BRIEF: Determine which lines of the records include the word "both", and copy them.

*** DATA PROVIDED ***

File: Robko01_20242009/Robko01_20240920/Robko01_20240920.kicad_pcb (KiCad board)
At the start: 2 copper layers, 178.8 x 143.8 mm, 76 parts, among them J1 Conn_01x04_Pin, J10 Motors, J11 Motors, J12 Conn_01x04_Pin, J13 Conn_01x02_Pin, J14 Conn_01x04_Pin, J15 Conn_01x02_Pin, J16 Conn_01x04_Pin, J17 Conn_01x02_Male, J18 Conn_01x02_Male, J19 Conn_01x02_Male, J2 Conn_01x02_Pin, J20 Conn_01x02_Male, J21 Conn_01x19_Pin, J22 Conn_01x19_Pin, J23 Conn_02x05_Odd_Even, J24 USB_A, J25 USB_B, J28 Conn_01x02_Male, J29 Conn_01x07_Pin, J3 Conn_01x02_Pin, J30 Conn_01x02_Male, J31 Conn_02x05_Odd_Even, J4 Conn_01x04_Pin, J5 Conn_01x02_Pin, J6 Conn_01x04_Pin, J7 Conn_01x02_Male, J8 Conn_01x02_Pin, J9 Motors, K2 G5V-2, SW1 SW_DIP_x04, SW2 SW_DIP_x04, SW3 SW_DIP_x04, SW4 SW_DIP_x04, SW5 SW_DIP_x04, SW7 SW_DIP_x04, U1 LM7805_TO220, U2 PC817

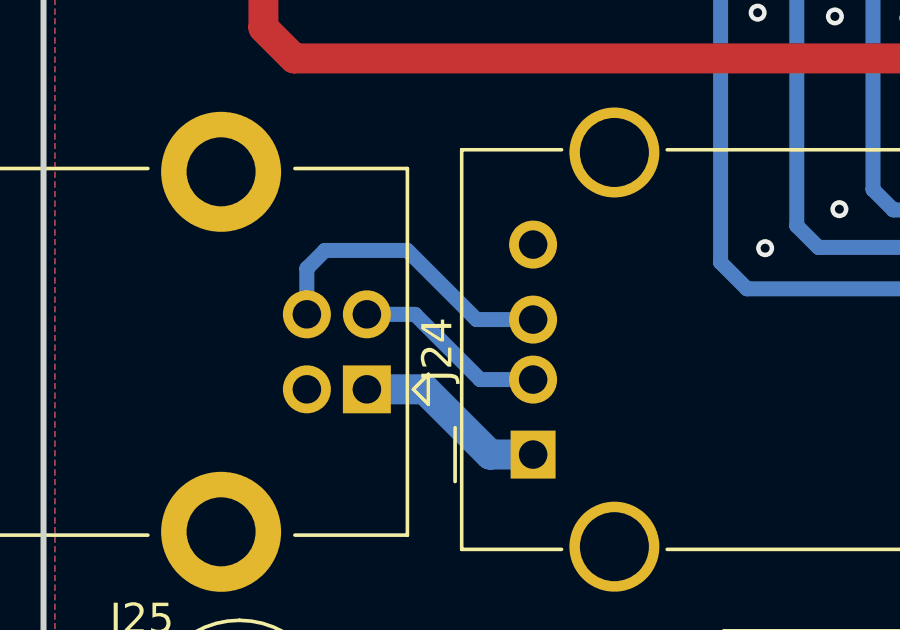
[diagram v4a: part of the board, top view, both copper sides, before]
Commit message: Update USB imp balance
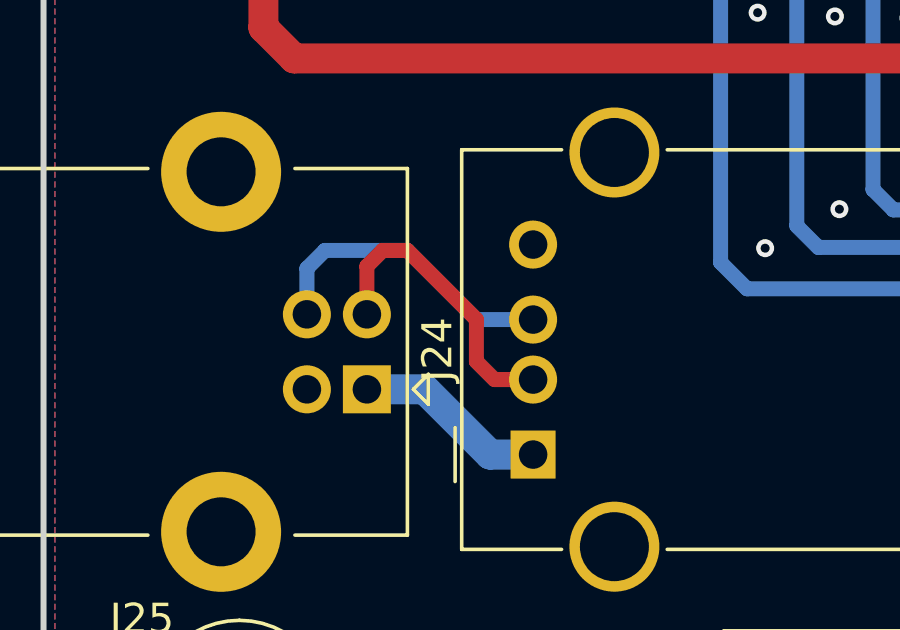
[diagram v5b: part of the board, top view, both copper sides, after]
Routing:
- net Net-(J24-D-): track 6.44 -> 9.97 mm
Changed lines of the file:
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@@
+	)
+	(segment
+		(start 49.95 68.125)
+		(end 49.95 69.73)
+		(width 0.5)
+		(layer "F.Cu")
+		(net 133)
+	)
+	(segment
+		(start 53.6 69.9)
+		(end 51.3 67.6)
+		(width 0.5)
+		(layer "F.Cu")
+		(net 133)
+	)
+	(segment
+		(start 53.6 71.3)
+		(end 53.6 69.9)
+		(width 0.5)
+		(layer "F.Cu")
+		(net 133)
 	)
 	(segment
 		(start 55.49 71.905)
-		(end 53.725 71.905)
+		(end 54.205 71.905)
 		(width 0.5)
-		(layer "B.Cu")
+		(layer "F.Cu")
 		(net 133)
 	)
 	(segment
-		(start 53.725 71.905)
-		(end 51.55 69.73)
+		(start 50.475 67.6)
+		(end 49.95 68.125)
 		(width 0.5)
-		(layer "B.Cu")
+		(layer "F.Cu")
 		(net 133)
 	)
 	(segment
-		(start 49.95 69.73)
-		(end 51.55 69.73)
+		(start 51.3 67.6)
+		(end 50.475 67.6)
 		(width 0.5)
-		(layer "B.Cu")
+		(layer "F.Cu")
 		(net 133)
 	)
+	(segment
+		(start 54.205 71.905)
+		(end 53.6 71.3)
+		(width 0.5)
+		(layer "F.Cu")
+		(net 133)
+	)

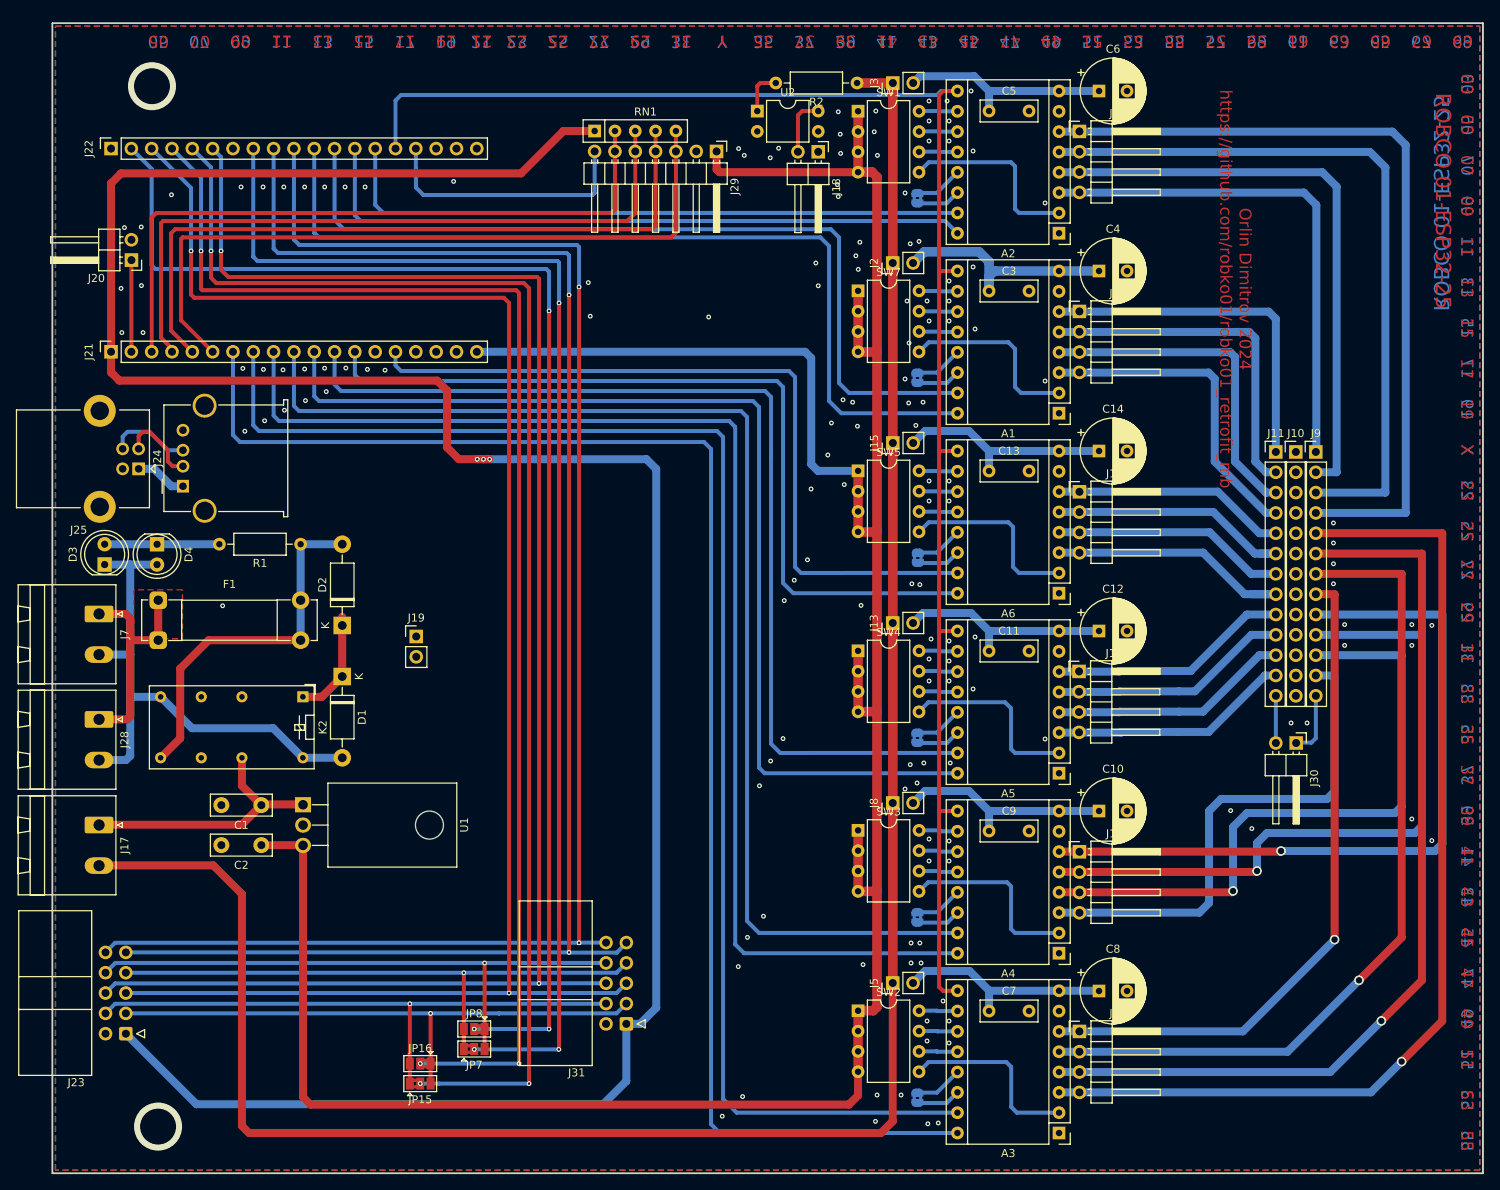
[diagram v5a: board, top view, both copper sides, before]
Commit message: Change E-Stop connector, add default jumper to power supply of the stepper drivers, wireup limit switch of the gripper, rewire E-Stop sensor
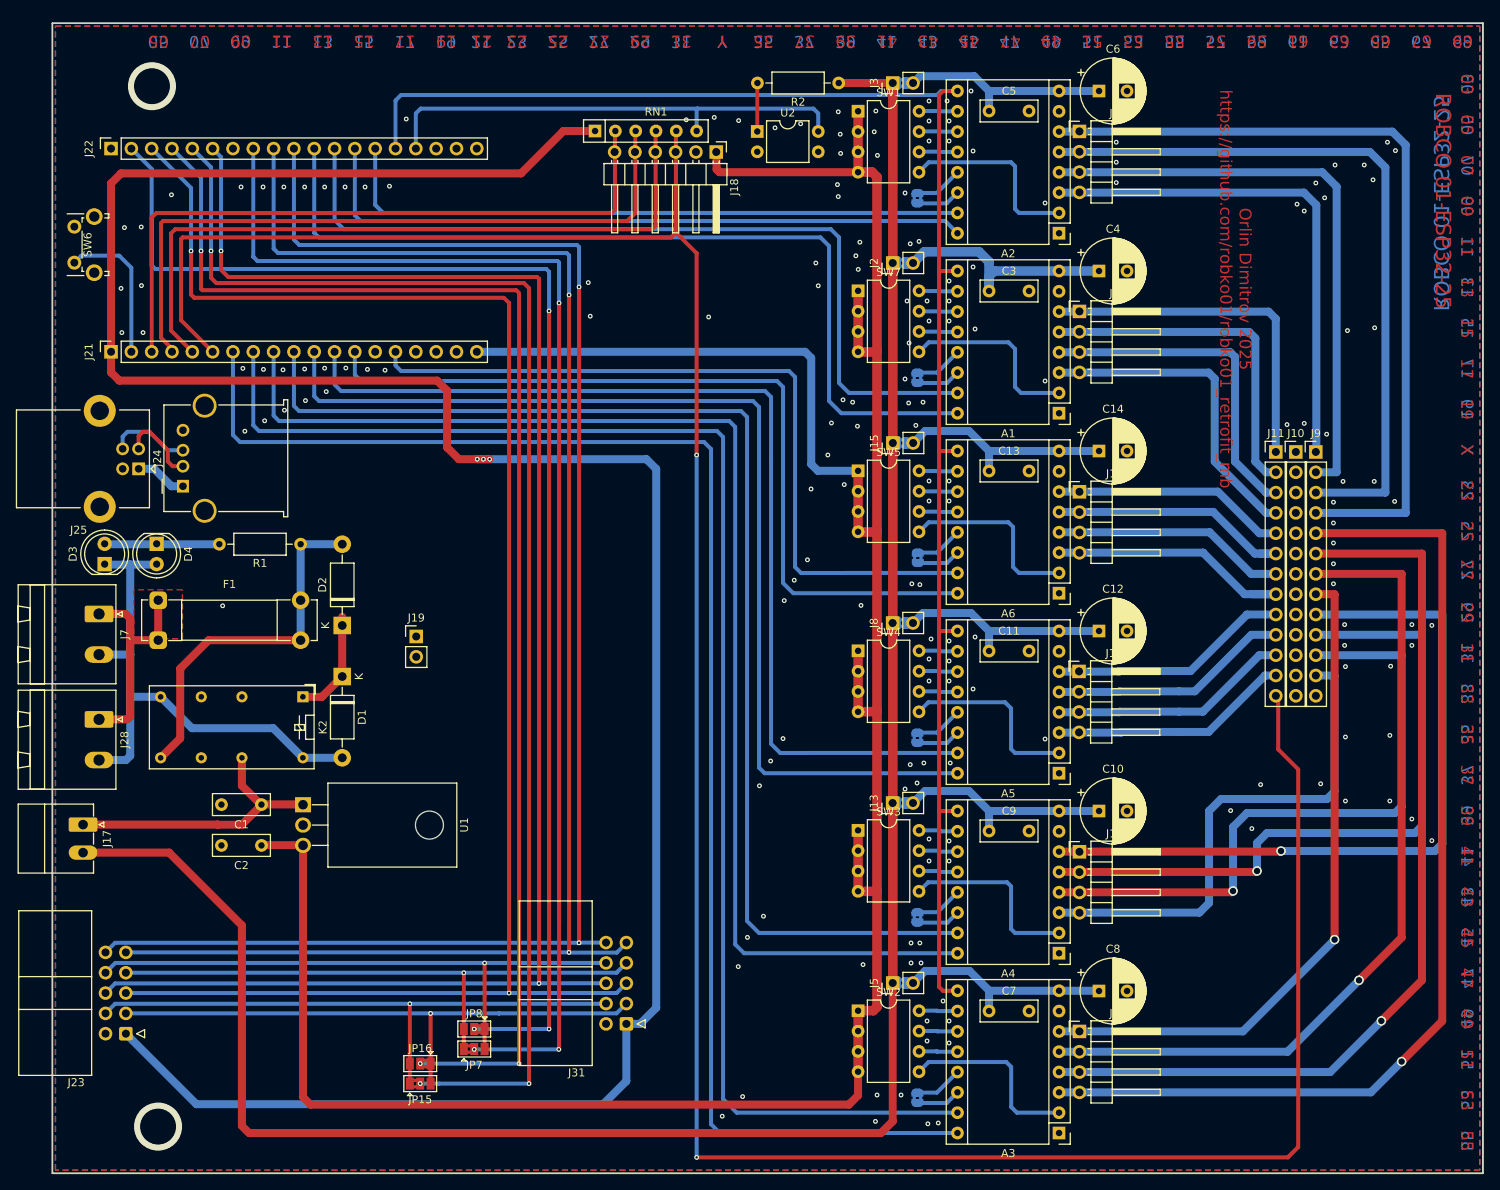
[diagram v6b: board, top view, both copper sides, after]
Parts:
- removed J20, J30: Conn_01x02_Male, Connector_PinHeader_2.54mm:PinHeader_1x02_P2.54mm_Horizontal
- removed J29: Conn_01x07_Pin, Connector_PinHeader_2.54mm:PinHeader_1x07_P2.54mm_Horizontal
- added JP10: SolderJumper_2_Bridged, Jumper:SolderJumper-2_P1.3mm_Bridged2Bar_RoundedPad1.0x1.5mm, B.Cu at (145.3, 24.0)
- added JP11: SolderJumper_2_Bridged, Jumper:SolderJumper-2_P1.3mm_Bridged2Bar_RoundedPad1.0x1.5mm, B.Cu at (145.3, 136.5)
- added JP12: SolderJumper_2_Bridged, Jumper:SolderJumper-2_P1.3mm_Bridged2Bar_RoundedPad1.0x1.5mm, B.Cu at (145.3, 114.0)
- added JP13: SolderJumper_2_Bridged, Jumper:SolderJumper-2_P1.3mm_Bridged2Bar_RoundedPad1.0x1.5mm, B.Cu at (145.3, 91.5)
- added JP14: SolderJumper_2_Bridged, Jumper:SolderJumper-2_P1.3mm_Bridged2Bar_RoundedPad1.0x1.5mm, B.Cu at (145.3, 69.0)
- added JP9: SolderJumper_2_Bridged, Jumper:SolderJumper-2_P1.3mm_Bridged2Bar_RoundedPad1.0x1.5mm, B.Cu at (145.3, 46.5)
- added SW6: RESET, Button_Switch_THT:SW_Tactile_SPST_Angled_PTS645Vx39-2LFS, F.Cu at (41.9, 46.5)
- C1, C2: value 100nF -> 100n; footprint Capacitor_THT:C_Disc_D7.5mm_W2.5mm_P5.00mm -> Capacitor_THT:C_Disc_D7.0mm_W2.5mm_P5.00mm
- D3: value LED -> LED 3mm Green
- D4: value LED -> LED 3mm Red
- J17: footprint Connector_Phoenix_MSTB:PhoenixContact_MSTBA_2,5_2-G-5,08_1x02_P5.08mm_Horizontal -> Connector_Phoenix_MC:PhoenixContact_MC_1,5_2-G-3.5_1x02_P3.50mm_Horizontal
- J18: value Conn_01x02_Male -> Conn_01x06_Pin; footprint Connector_PinHeader_2.54mm:PinHeader_1x02_P2.54mm_Horizontal -> Connector_PinHeader_2.54mm:PinHeader_1x06_P2.54mm_Horizontal
- J19: value Conn_01x02_Male -> TP-GND
- RN1: value R_Network04 -> R_Network05; footprint Resistor_THT:R_Array_SIP5 -> Resistor_THT:R_Array_SIP6
- moved J13 22.5 mm to (144.2, 114.0)
- moved J8 22.5 mm to (144.2, 91.5)
- moved J18 12.8 mm to (122.2, 32.6)
- moved U2 2.55 mm to (127.3, 30.1)
- moved R2 2.29 mm to (137.5, 24.0)
- moved J17 2.00 mm to (43.0, 116.7)
- moved D4 0.08 mm to (52.2, 81.6)
- moved C1 0.07 mm to (65.3, 114.2)
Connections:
- C1 pad 1: MC_POWER -> VCC
- J11 pad 13: GRIPPER_2 -> GPIO35
- J11 pad 3: Net-(A1-1A) -> unconnected-(J11-Pin_3-Pad3)
- J13 pad 2: Net-(A5-VMOT) -> Net-(A4-VMOT)
- J17 pad 1: MC_POWER -> VCC
- J18 pad 1: GND -> +5V
- J18 pad 2: Net-(J18-Pin_2) -> GND
- J21 pad 3: GPIO36 -> M3-Limit
- J21 pad 4: GPIO39 -> M2-Limit
- J21 pad 5: GPIO34 -> M1-Limit
- J21 pad 6: GPIO35 -> M6-Limit
- J22 pad 16: GPIO15 -> E-STOP
- J8 pad 2: Net-(A4-VMOT) -> Net-(A5-VMOT)
- J9 pad 13: GRIPPER_1 -> GND
- K2 pad 13: MC_POWER -> VCC
- RN1 pad 2: GPIO36 -> M3-Limit
- RN1 pad 3: GPIO39 -> M2-Limit
- RN1 pad 4: GPIO34 -> M1-Limit
- RN1 pad 5: GPIO35 -> M6-Limit
- U1 pad 1: MC_POWER -> VCC
- U2 pad 4: Net-(J18-Pin_2) -> E-STOP
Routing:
- net M6-Limit: track 0.00 -> 340.6 mm, vias 0 -> 2
- net GPIO35: track 90.6 -> 0.00 mm
- net M1-Limit: track 0.00 -> 88.7 mm
- net GPIO34: track 88.7 -> 0.00 mm
- net M2-Limit: track 0.00 -> 86.7 mm
- net GPIO39: track 86.7 -> 0.00 mm
- net M3-Limit: track 0.00 -> 84.9 mm
- net GPIO36: track 84.9 -> 0.00 mm
- net E-STOP: track 0.00 -> 60.3 mm
- net VCC: track 0.00 -> 35.5 mm
- net GPIO15: track 32.9 -> 0.00 mm
- net MC_POWER: track 298.5 -> 267.6 mm
- net GRIPPER_1: track 7.99 -> 0.00 mm
- net Net-(J18-Pin_2): track 7.32 -> 0.00 mm
- net MCU_RESET: track 11.5 -> 18.6 mm
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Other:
- board text added: "Orlin Dimitrov 2025 https://github.com/robko01/robko01_retrofit_mb"
- board text removed: "Orlin Dimitrov 2024 https://github.com/robko01/robko01_retrofit_mb"

*** End of DATA PROVIDED ***

ANSWER FOR THE TASK:
[diagram v4a: part of the board, top view, both copper sides, before]
[diagram v5b: part of the board, top view, both copper sides, after]
[diagram v5a: board, top view, both copper sides, before]
[diagram v6b: board, top view, both copper sides, after]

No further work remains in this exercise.